Eine JComboBox zeigt immer alle Zeilen an. 
Wo ist das Problem ?


----------



## Ralf Ueberfuhr (25. Feb 2006)

Ja eben, sie soll es aber zunächst nicht. So sieht sie aus:







Wenn ich nun unten auf "Alle anzeigen" klicke, erweitert sich die Auswahl, aber das Menü geht eben zu. Und genau das will ich verhindern.


----------



## Illuvatar (25. Feb 2006)

Wieso nimmst du nicht das hidePopup überschreiben? Wäre doch auch ganz im Sinne der OOP


----------



## Ralf Ueberfuhr (25. Feb 2006)

masseur81 hat gesagt.:
			
		

> *Hinweis:* JComboBox erweitern und die Methode hidePopup() überschreiben ist ein Weg, aber gibt es auch eine andere Möglichkeit, sodass ich eine normale JComboBox nur mit Model (und Renderer) bereichern muss?

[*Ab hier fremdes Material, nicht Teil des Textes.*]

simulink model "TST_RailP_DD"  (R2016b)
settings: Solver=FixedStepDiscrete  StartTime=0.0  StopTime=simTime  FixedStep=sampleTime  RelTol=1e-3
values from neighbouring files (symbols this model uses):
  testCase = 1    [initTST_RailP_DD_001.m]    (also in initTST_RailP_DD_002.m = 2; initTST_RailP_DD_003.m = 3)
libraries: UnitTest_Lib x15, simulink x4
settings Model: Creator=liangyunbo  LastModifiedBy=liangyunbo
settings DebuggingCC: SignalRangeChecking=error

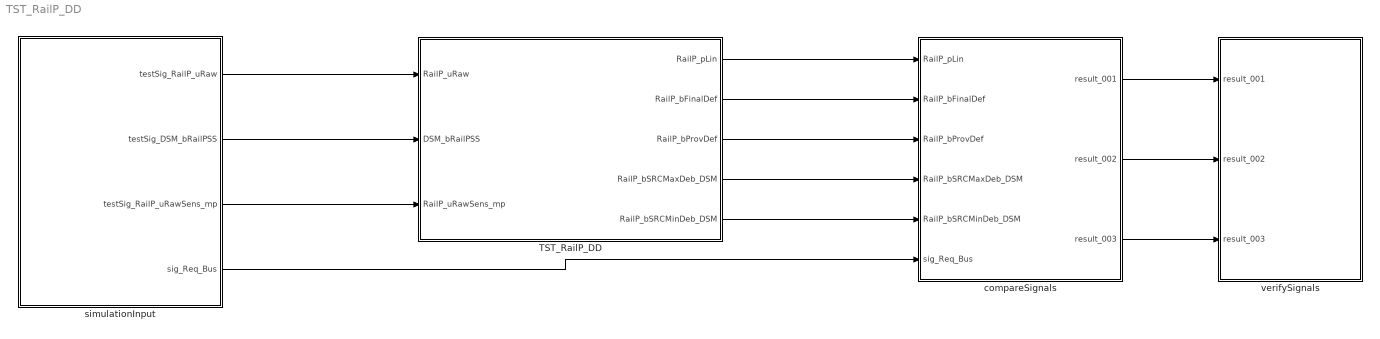
== system TST_RailP_DD ==
  TST_RailP_DD : Subsystem
  compareSignals : Subsystem
  simulationInput : Subsystem
  verifySignals : Subsystem
  wires:
  simulationInput/1(testSig_RailP_uRaw) -> TST_RailP_DD/1(RailP_uRaw)
  simulationInput/2(testSig_DSM_bRailPSS) -> TST_RailP_DD/2(DSM_bRailPSS)
  simulationInput/3(testSig_RailP_uRawSens_mp) -> TST_RailP_DD/3(RailP_uRawSens_mp)
  TST_RailP_DD/1(RailP_pLin) -> compareSignals/1(RailP_pLin)
  TST_RailP_DD/2(RailP_bFinalDef) -> compareSignals/2(RailP_bFinalDef)
  TST_RailP_DD/3(RailP_bProvDef) -> compareSignals/3(RailP_bProvDef)
  TST_RailP_DD/4(RailP_bSRCMaxDeb_DSM) -> compareSignals/4(RailP_bSRCMaxDeb_DSM)
  TST_RailP_DD/5(RailP_bSRCMinDeb_DSM) -> compareSignals/5(RailP_bSRCMinDeb_DSM)
  simulationInput/4(sig_Req_Bus) -> compareSignals/6(sig_Req_Bus)
  compareSignals/1(result_001) -> verifySignals/1(result_001)
  compareSignals/2(result_002) -> verifySignals/2(result_002)
  compareSignals/3(result_003) -> verifySignals/3(result_003)

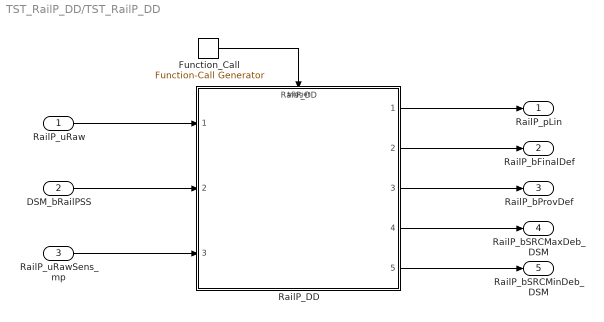
== system TST_RailP_DD/TST_RailP_DD ==
  RailP_uRaw : Inport
  DSM_bRailPSS : Inport  Port=2
  RailP_uRawSens_mp : Inport  Port=3
  Function_Call : simulink/Ports & Subsystems/Function-Call Generator  sample_time=sampleTime  numberOfIterations=1
  RailP_DD : ModelReference  ModelNameDialog=RailP_DD  SimulationMode=Normal  ModelReferenceVersion=1.29  TriggerPortName=function  TriggerPortTriggerType=function-call  TriggerPortStatesWhenEnabling=held
  RailP_pLin : Outport
  RailP_bFinalDef : Outport  Port=2
  RailP_bProvDef : Outport  Port=3
  RailP_bSRCMaxDeb_DSM : Outport  Port=4
  RailP_bSRCMinDeb_DSM : Outport  Port=5
  wires:
  Function_Call/1 -> RailP_DD/Trigger
  RailP_uRaw/1 -> RailP_DD/1
  DSM_bRailPSS/1 -> RailP_DD/2
  RailP_uRawSens_mp/1 -> RailP_DD/3
  RailP_DD/1 -> RailP_pLin/1
  RailP_DD/2 -> RailP_bFinalDef/1
  RailP_DD/3 -> RailP_bProvDef/1
  RailP_DD/4 -> RailP_bSRCMaxDeb_DSM/1
  RailP_DD/5 -> RailP_bSRCMinDeb_DSM/1

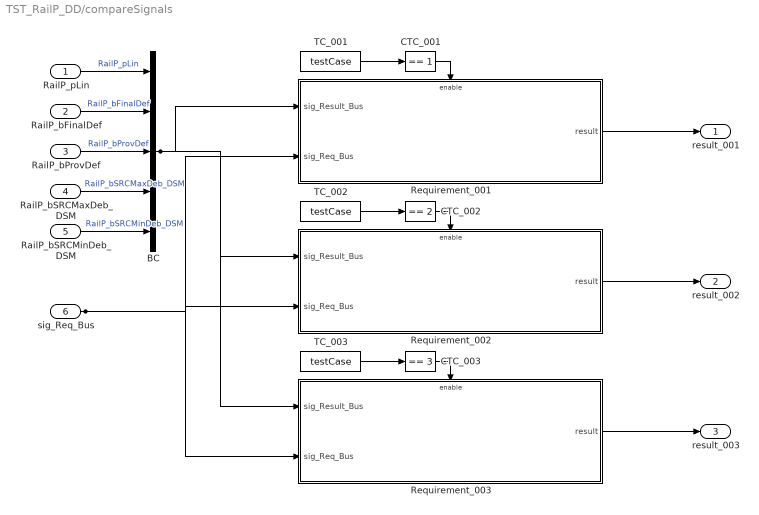
== system TST_RailP_DD/compareSignals ==
  RailP_pLin : Inport
  RailP_bFinalDef : Inport  Port=2
  RailP_bProvDef : Inport  Port=3
  RailP_bSRCMaxDeb_DSM : Inport  Port=4
  RailP_bSRCMinDeb_DSM : Inport  Port=5
  sig_Req_Bus : Inport  Port=6
  BC : BusCreator  Inputs=5
  CTC_001 : simulink/Logic and Bit Operations/Compare To Constant  relop===  const=1  OutDataTypeStr=boolean
  CTC_002 : simulink/Logic and Bit Operations/Compare To Constant  relop===  const=2  OutDataTypeStr=boolean
  CTC_003 : simulink/Logic and Bit Operations/Compare To Constant  relop===  const=3  OutDataTypeStr=boolean
  Requirement_001 : Subsystem
  Requirement_002 : Subsystem
  Requirement_003 : Subsystem
  TC_001 : Constant  Value=testCase
  TC_002 : Constant  Value=testCase
  TC_003 : Constant  Value=testCase
  result_001 : Outport
  result_002 : Outport  Port=2
  result_003 : Outport  Port=3
  wires:
  RailP_pLin/1 -> BC/1  "RailP_pLin"
  RailP_bFinalDef/1 -> BC/2  "RailP_bFinalDef"
  RailP_bProvDef/1 -> BC/3  "RailP_bProvDef"
  RailP_bSRCMaxDeb_DSM/1 -> BC/4  "RailP_bSRCMaxDeb_DSM"
  RailP_bSRCMinDeb_DSM/1 -> BC/5  "RailP_bSRCMinDeb_DSM"
  TC_001/1 -> CTC_001/1
  CTC_001/1 -> Requirement_001/Enable
  sig_Req_Bus/1 -> Requirement_001/2(sig_Req_Bus), Requirement_002/2(sig_Req_Bus), Requirement_003/2(sig_Req_Bus)
  BC/1 -> Requirement_001/1(sig_Result_Bus), Requirement_002/1(sig_Result_Bus), Requirement_003/1(sig_Result_Bus)
  Requirement_001/1(result) -> result_001/1
  TC_002/1 -> CTC_002/1
  CTC_002/1 -> Requirement_002/Enable
  Requirement_002/1(result) -> result_002/1
  TC_003/1 -> CTC_003/1
  CTC_003/1 -> Requirement_003/Enable
  Requirement_003/1(result) -> result_003/1

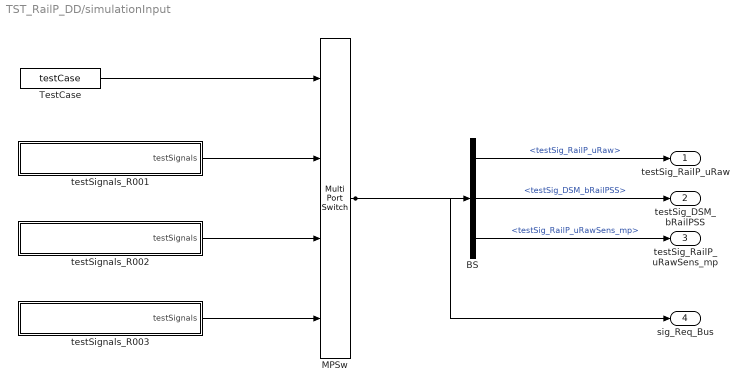
== system TST_RailP_DD/simulationInput ==
  BS : BusSelector  OutputSignals=testSig_RailP_uRaw,testSig_DSM_bRailPSS,testSig_RailP_uRawSens_mp
  MPSw : MultiPortSwitch  SaturateOnIntegerOverflow=on  InputSameDT=on
  TestCase : Constant  Value=testCase
  testSignals_R001 : Subsystem
  testSignals_R002 : Subsystem
  testSignals_R003 : Subsystem
  testSig_RailP_uRaw : Outport
  testSig_DSM_bRailPSS : Outport  Port=2
  testSig_RailP_uRawSens_mp : Outport  Port=3
  sig_Req_Bus : Outport  Port=4
  wires:
  BS/1 -> testSig_RailP_uRaw/1  "<testSig_RailP_uRaw>"
  BS/2 -> testSig_DSM_bRailPSS/1  "<testSig_DSM_bRailPSS>"
  BS/3 -> testSig_RailP_uRawSens_mp/1  "<testSig_RailP_uRawSens_mp>"
  MPSw/1 -> BS/1, sig_Req_Bus/1
  TestCase/1 -> MPSw/1
  testSignals_R001/1(testSignals) -> MPSw/2
  testSignals_R002/1(testSignals) -> MPSw/3
  testSignals_R003/1(testSignals) -> MPSw/4

== system TST_RailP_DD/verifySignals ==
  result_001 : Inport
  result_002 : Inport  Port=2
  result_003 : Inport  Port=3
  Assertion_001 : Assertion  Enabled=off
  Assertion_002 : Assertion  Enabled=off
  Assertion_003 : Assertion  Enabled=off
  wires:
  result_001/1 -> Assertion_001/1
  result_002/1 -> Assertion_002/1
  result_003/1 -> Assertion_003/1

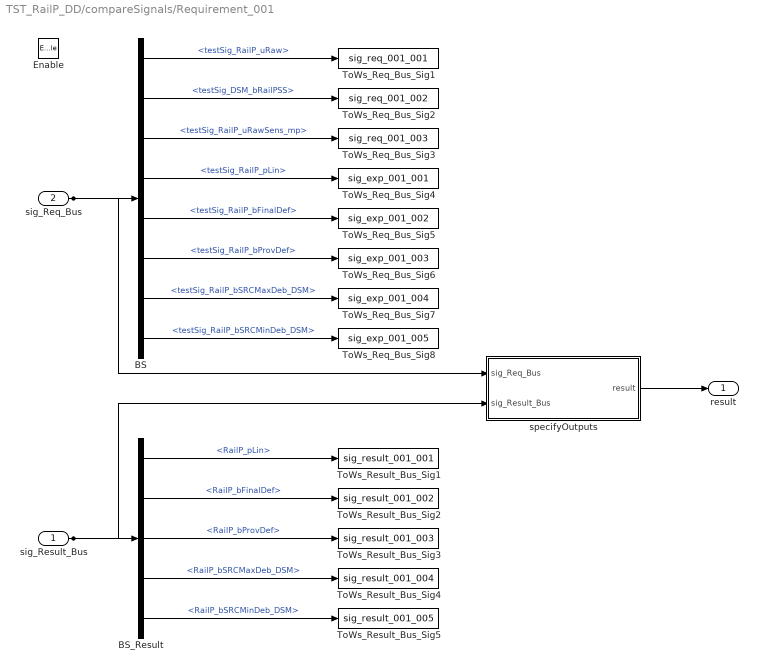
== system TST_RailP_DD/compareSignals/Requirement_001 ==
  sig_Result_Bus : Inport
  sig_Req_Bus : Inport  Port=2
  Enable : EnablePort
  BS : BusSelector  OutputSignals=testSig_RailP_uRaw,testSig_DSM_bRailPSS,testSig_RailP_uRawSens_mp,testSig_RailP_pLin,testSig_RailP_bFinalDef,testSig_RailP_bProvDef,testSig_RailP_bSRCMaxDeb_DSM,testSig_RailP_bSRCMinDeb_DSM
  BS_Result : BusSelector  OutputSignals=RailP_pLin,RailP_bFinalDef,RailP_bProvDef,RailP_bSRCMaxDeb_DSM,RailP_bSRCMinDeb_DSM
  ToWs_Req_Bus_Sig1 : ToWorkspace  VariableName=sig_req_001_001  SaveFormat=Structure With Time
  ToWs_Req_Bus_Sig2 : ToWorkspace  VariableName=sig_req_001_002  SaveFormat=Structure With Time
  ToWs_Req_Bus_Sig3 : ToWorkspace  VariableName=sig_req_001_003  SaveFormat=Structure With Time
  ToWs_Req_Bus_Sig4 : ToWorkspace  VariableName=sig_exp_001_001  SaveFormat=Structure With Time
  ToWs_Req_Bus_Sig5 : ToWorkspace  VariableName=sig_exp_001_002  SaveFormat=Structure With Time
  ToWs_Req_Bus_Sig6 : ToWorkspace  VariableName=sig_exp_001_003  SaveFormat=Structure With Time
  ToWs_Req_Bus_Sig7 : ToWorkspace  VariableName=sig_exp_001_004  SaveFormat=Structure With Time
  ToWs_Req_Bus_Sig8 : ToWorkspace  VariableName=sig_exp_001_005  SaveFormat=Structure With Time
  ToWs_Result_Bus_Sig1 : ToWorkspace  VariableName=sig_result_001_001  SaveFormat=Structure With Time
  ToWs_Result_Bus_Sig2 : ToWorkspace  VariableName=sig_result_001_002  SaveFormat=Structure With Time
  ToWs_Result_Bus_Sig3 : ToWorkspace  VariableName=sig_result_001_003  SaveFormat=Structure With Time
  ToWs_Result_Bus_Sig4 : ToWorkspace  VariableName=sig_result_001_004  SaveFormat=Structure With Time
  ToWs_Result_Bus_Sig5 : ToWorkspace  VariableName=sig_result_001_005  SaveFormat=Structure With Time
  specifyOutputs : Subsystem
  result : Outport
  wires:
  sig_Req_Bus/1 -> BS/1, specifyOutputs/1(sig_Req_Bus)
  BS/1 -> ToWs_Req_Bus_Sig1/1  "<testSig_RailP_uRaw>"
  BS/2 -> ToWs_Req_Bus_Sig2/1  "<testSig_DSM_bRailPSS>"
  BS/3 -> ToWs_Req_Bus_Sig3/1  "<testSig_RailP_uRawSens_mp>"
  BS/4 -> ToWs_Req_Bus_Sig4/1  "<testSig_RailP_pLin>"
  BS/5 -> ToWs_Req_Bus_Sig5/1  "<testSig_RailP_bFinalDef>"
  BS/6 -> ToWs_Req_Bus_Sig6/1  "<testSig_RailP_bProvDef>"
  BS/7 -> ToWs_Req_Bus_Sig7/1  "<testSig_RailP_bSRCMaxDeb_DSM>"
  BS/8 -> ToWs_Req_Bus_Sig8/1  "<testSig_RailP_bSRCMinDeb_DSM>"
  sig_Result_Bus/1 -> BS_Result/1, specifyOutputs/2(sig_Result_Bus)
  BS_Result/1 -> ToWs_Result_Bus_Sig1/1  "<RailP_pLin>"
  BS_Result/2 -> ToWs_Result_Bus_Sig2/1  "<RailP_bFinalDef>"
  BS_Result/3 -> ToWs_Result_Bus_Sig3/1  "<RailP_bProvDef>"
  BS_Result/4 -> ToWs_Result_Bus_Sig4/1  "<RailP_bSRCMaxDeb_DSM>"
  BS_Result/5 -> ToWs_Result_Bus_Sig5/1  "<RailP_bSRCMinDeb_DSM>"
  specifyOutputs/1(result) -> result/1

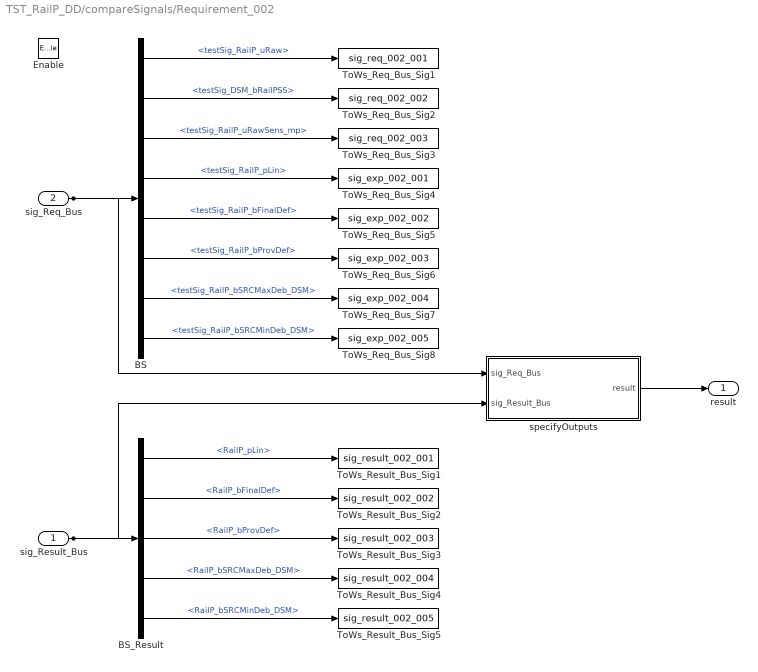
== system TST_RailP_DD/compareSignals/Requirement_002 ==
  sig_Result_Bus : Inport
  sig_Req_Bus : Inport  Port=2
  Enable : EnablePort
  BS : BusSelector  OutputSignals=testSig_RailP_uRaw,testSig_DSM_bRailPSS,testSig_RailP_uRawSens_mp,testSig_RailP_pLin,testSig_RailP_bFinalDef,testSig_RailP_bProvDef,testSig_RailP_bSRCMaxDeb_DSM,testSig_RailP_bSRCMinDeb_DSM
  BS_Result : BusSelector  OutputSignals=RailP_pLin,RailP_bFinalDef,RailP_bProvDef,RailP_bSRCMaxDeb_DSM,RailP_bSRCMinDeb_DSM
  ToWs_Req_Bus_Sig1 : ToWorkspace  VariableName=sig_req_002_001  SaveFormat=Structure With Time
  ToWs_Req_Bus_Sig2 : ToWorkspace  VariableName=sig_req_002_002  SaveFormat=Structure With Time
  ToWs_Req_Bus_Sig3 : ToWorkspace  VariableName=sig_req_002_003  SaveFormat=Structure With Time
  ToWs_Req_Bus_Sig4 : ToWorkspace  VariableName=sig_exp_002_001  SaveFormat=Structure With Time
  ToWs_Req_Bus_Sig5 : ToWorkspace  VariableName=sig_exp_002_002  SaveFormat=Structure With Time
  ToWs_Req_Bus_Sig6 : ToWorkspace  VariableName=sig_exp_002_003  SaveFormat=Structure With Time
  ToWs_Req_Bus_Sig7 : ToWorkspace  VariableName=sig_exp_002_004  SaveFormat=Structure With Time
  ToWs_Req_Bus_Sig8 : ToWorkspace  VariableName=sig_exp_002_005  SaveFormat=Structure With Time
  ToWs_Result_Bus_Sig1 : ToWorkspace  VariableName=sig_result_002_001  SaveFormat=Structure With Time
  ToWs_Result_Bus_Sig2 : ToWorkspace  VariableName=sig_result_002_002  SaveFormat=Structure With Time
  ToWs_Result_Bus_Sig3 : ToWorkspace  VariableName=sig_result_002_003  SaveFormat=Structure With Time
  ToWs_Result_Bus_Sig4 : ToWorkspace  VariableName=sig_result_002_004  SaveFormat=Structure With Time
  ToWs_Result_Bus_Sig5 : ToWorkspace  VariableName=sig_result_002_005  SaveFormat=Structure With Time
  specifyOutputs : Subsystem
  result : Outport
  wires:
  sig_Req_Bus/1 -> BS/1, specifyOutputs/1(sig_Req_Bus)
  BS/1 -> ToWs_Req_Bus_Sig1/1  "<testSig_RailP_uRaw>"
  BS/2 -> ToWs_Req_Bus_Sig2/1  "<testSig_DSM_bRailPSS>"
  BS/3 -> ToWs_Req_Bus_Sig3/1  "<testSig_RailP_uRawSens_mp>"
  BS/4 -> ToWs_Req_Bus_Sig4/1  "<testSig_RailP_pLin>"
  BS/5 -> ToWs_Req_Bus_Sig5/1  "<testSig_RailP_bFinalDef>"
  BS/6 -> ToWs_Req_Bus_Sig6/1  "<testSig_RailP_bProvDef>"
  BS/7 -> ToWs_Req_Bus_Sig7/1  "<testSig_RailP_bSRCMaxDeb_DSM>"
  BS/8 -> ToWs_Req_Bus_Sig8/1  "<testSig_RailP_bSRCMinDeb_DSM>"
  sig_Result_Bus/1 -> BS_Result/1, specifyOutputs/2(sig_Result_Bus)
  BS_Result/1 -> ToWs_Result_Bus_Sig1/1  "<RailP_pLin>"
  BS_Result/2 -> ToWs_Result_Bus_Sig2/1  "<RailP_bFinalDef>"
  BS_Result/3 -> ToWs_Result_Bus_Sig3/1  "<RailP_bProvDef>"
  BS_Result/4 -> ToWs_Result_Bus_Sig4/1  "<RailP_bSRCMaxDeb_DSM>"
  BS_Result/5 -> ToWs_Result_Bus_Sig5/1  "<RailP_bSRCMinDeb_DSM>"
  specifyOutputs/1(result) -> result/1

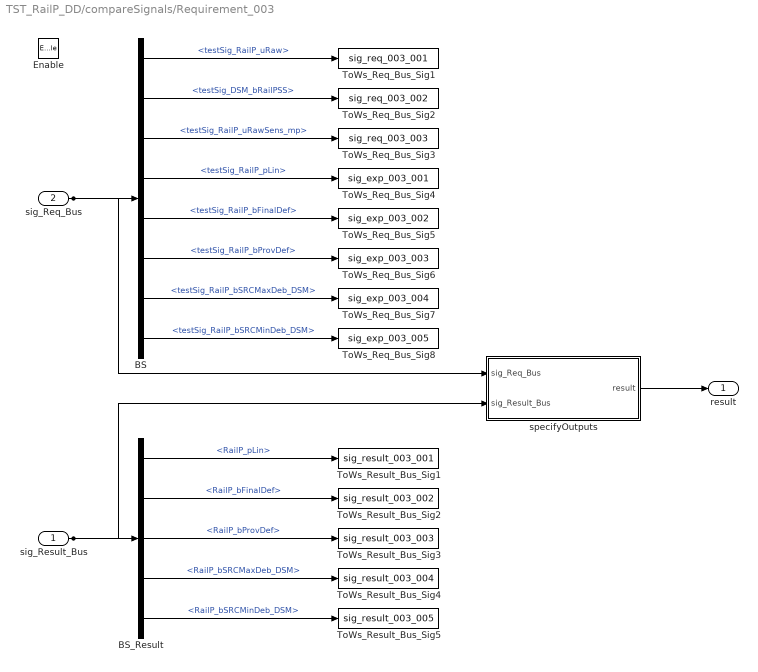
== system TST_RailP_DD/compareSignals/Requirement_003 ==
  sig_Result_Bus : Inport
  sig_Req_Bus : Inport  Port=2
  Enable : EnablePort
  BS : BusSelector  OutputSignals=testSig_RailP_uRaw,testSig_DSM_bRailPSS,testSig_RailP_uRawSens_mp,testSig_RailP_pLin,testSig_RailP_bFinalDef,testSig_RailP_bProvDef,testSig_RailP_bSRCMaxDeb_DSM,testSig_RailP_bSRCMinDeb_DSM
  BS_Result : BusSelector  OutputSignals=RailP_pLin,RailP_bFinalDef,RailP_bProvDef,RailP_bSRCMaxDeb_DSM,RailP_bSRCMinDeb_DSM
  ToWs_Req_Bus_Sig1 : ToWorkspace  VariableName=sig_req_003_001  SaveFormat=Structure With Time
  ToWs_Req_Bus_Sig2 : ToWorkspace  VariableName=sig_req_003_002  SaveFormat=Structure With Time
  ToWs_Req_Bus_Sig3 : ToWorkspace  VariableName=sig_req_003_003  SaveFormat=Structure With Time
  ToWs_Req_Bus_Sig4 : ToWorkspace  VariableName=sig_exp_003_001  SaveFormat=Structure With Time
  ToWs_Req_Bus_Sig5 : ToWorkspace  VariableName=sig_exp_003_002  SaveFormat=Structure With Time
  ToWs_Req_Bus_Sig6 : ToWorkspace  VariableName=sig_exp_003_003  SaveFormat=Structure With Time
  ToWs_Req_Bus_Sig7 : ToWorkspace  VariableName=sig_exp_003_004  SaveFormat=Structure With Time
  ToWs_Req_Bus_Sig8 : ToWorkspace  VariableName=sig_exp_003_005  SaveFormat=Structure With Time
  ToWs_Result_Bus_Sig1 : ToWorkspace  VariableName=sig_result_003_001  SaveFormat=Structure With Time
  ToWs_Result_Bus_Sig2 : ToWorkspace  VariableName=sig_result_003_002  SaveFormat=Structure With Time
  ToWs_Result_Bus_Sig3 : ToWorkspace  VariableName=sig_result_003_003  SaveFormat=Structure With Time
  ToWs_Result_Bus_Sig4 : ToWorkspace  VariableName=sig_result_003_004  SaveFormat=Structure With Time
  ToWs_Result_Bus_Sig5 : ToWorkspace  VariableName=sig_result_003_005  SaveFormat=Structure With Time
  specifyOutputs : Subsystem
  result : Outport
  wires:
  sig_Req_Bus/1 -> BS/1, specifyOutputs/1(sig_Req_Bus)
  BS/1 -> ToWs_Req_Bus_Sig1/1  "<testSig_RailP_uRaw>"
  BS/2 -> ToWs_Req_Bus_Sig2/1  "<testSig_DSM_bRailPSS>"
  BS/3 -> ToWs_Req_Bus_Sig3/1  "<testSig_RailP_uRawSens_mp>"
  BS/4 -> ToWs_Req_Bus_Sig4/1  "<testSig_RailP_pLin>"
  BS/5 -> ToWs_Req_Bus_Sig5/1  "<testSig_RailP_bFinalDef>"
  BS/6 -> ToWs_Req_Bus_Sig6/1  "<testSig_RailP_bProvDef>"
  BS/7 -> ToWs_Req_Bus_Sig7/1  "<testSig_RailP_bSRCMaxDeb_DSM>"
  BS/8 -> ToWs_Req_Bus_Sig8/1  "<testSig_RailP_bSRCMinDeb_DSM>"
  sig_Result_Bus/1 -> BS_Result/1, specifyOutputs/2(sig_Result_Bus)
  BS_Result/1 -> ToWs_Result_Bus_Sig1/1  "<RailP_pLin>"
  BS_Result/2 -> ToWs_Result_Bus_Sig2/1  "<RailP_bFinalDef>"
  BS_Result/3 -> ToWs_Result_Bus_Sig3/1  "<RailP_bProvDef>"
  BS_Result/4 -> ToWs_Result_Bus_Sig4/1  "<RailP_bSRCMaxDeb_DSM>"
  BS_Result/5 -> ToWs_Result_Bus_Sig5/1  "<RailP_bSRCMinDeb_DSM>"
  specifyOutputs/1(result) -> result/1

Wer lesen kann, ist klar im Vorteil.  :bae: 

Eben das möchte ich nicht. Ich möchte diese Funktionalität in Form von 2 Klassen bereit stellen:

- *ExtendableComboBoxModel* ist nach außen hin erstmal ein Model wie alle anderen, in das man seine Einträge einfügt. Es managed die tatsächlich angezeigten Einträge maximaler Anzahl.
- *ExtendableComboBoxRenderer* ist nur dazu da, das Item unten korrekt anzuzeigen. Dieses Item hat eine eigene Klasse, um es von den anderen Einträgen zu unterscheiden. Als Grundlage für die Darstellung der anderen Einträge kann man einen eigenen Renderer im Konstruktor angeben. Wenn man der ComboBox den ExtendableComboBoxRenderer nicht hinzufügt, wird der "Alle anzeigen"-Eintrag als String dargestellt, nur die kleine obere Linie fehlt dann.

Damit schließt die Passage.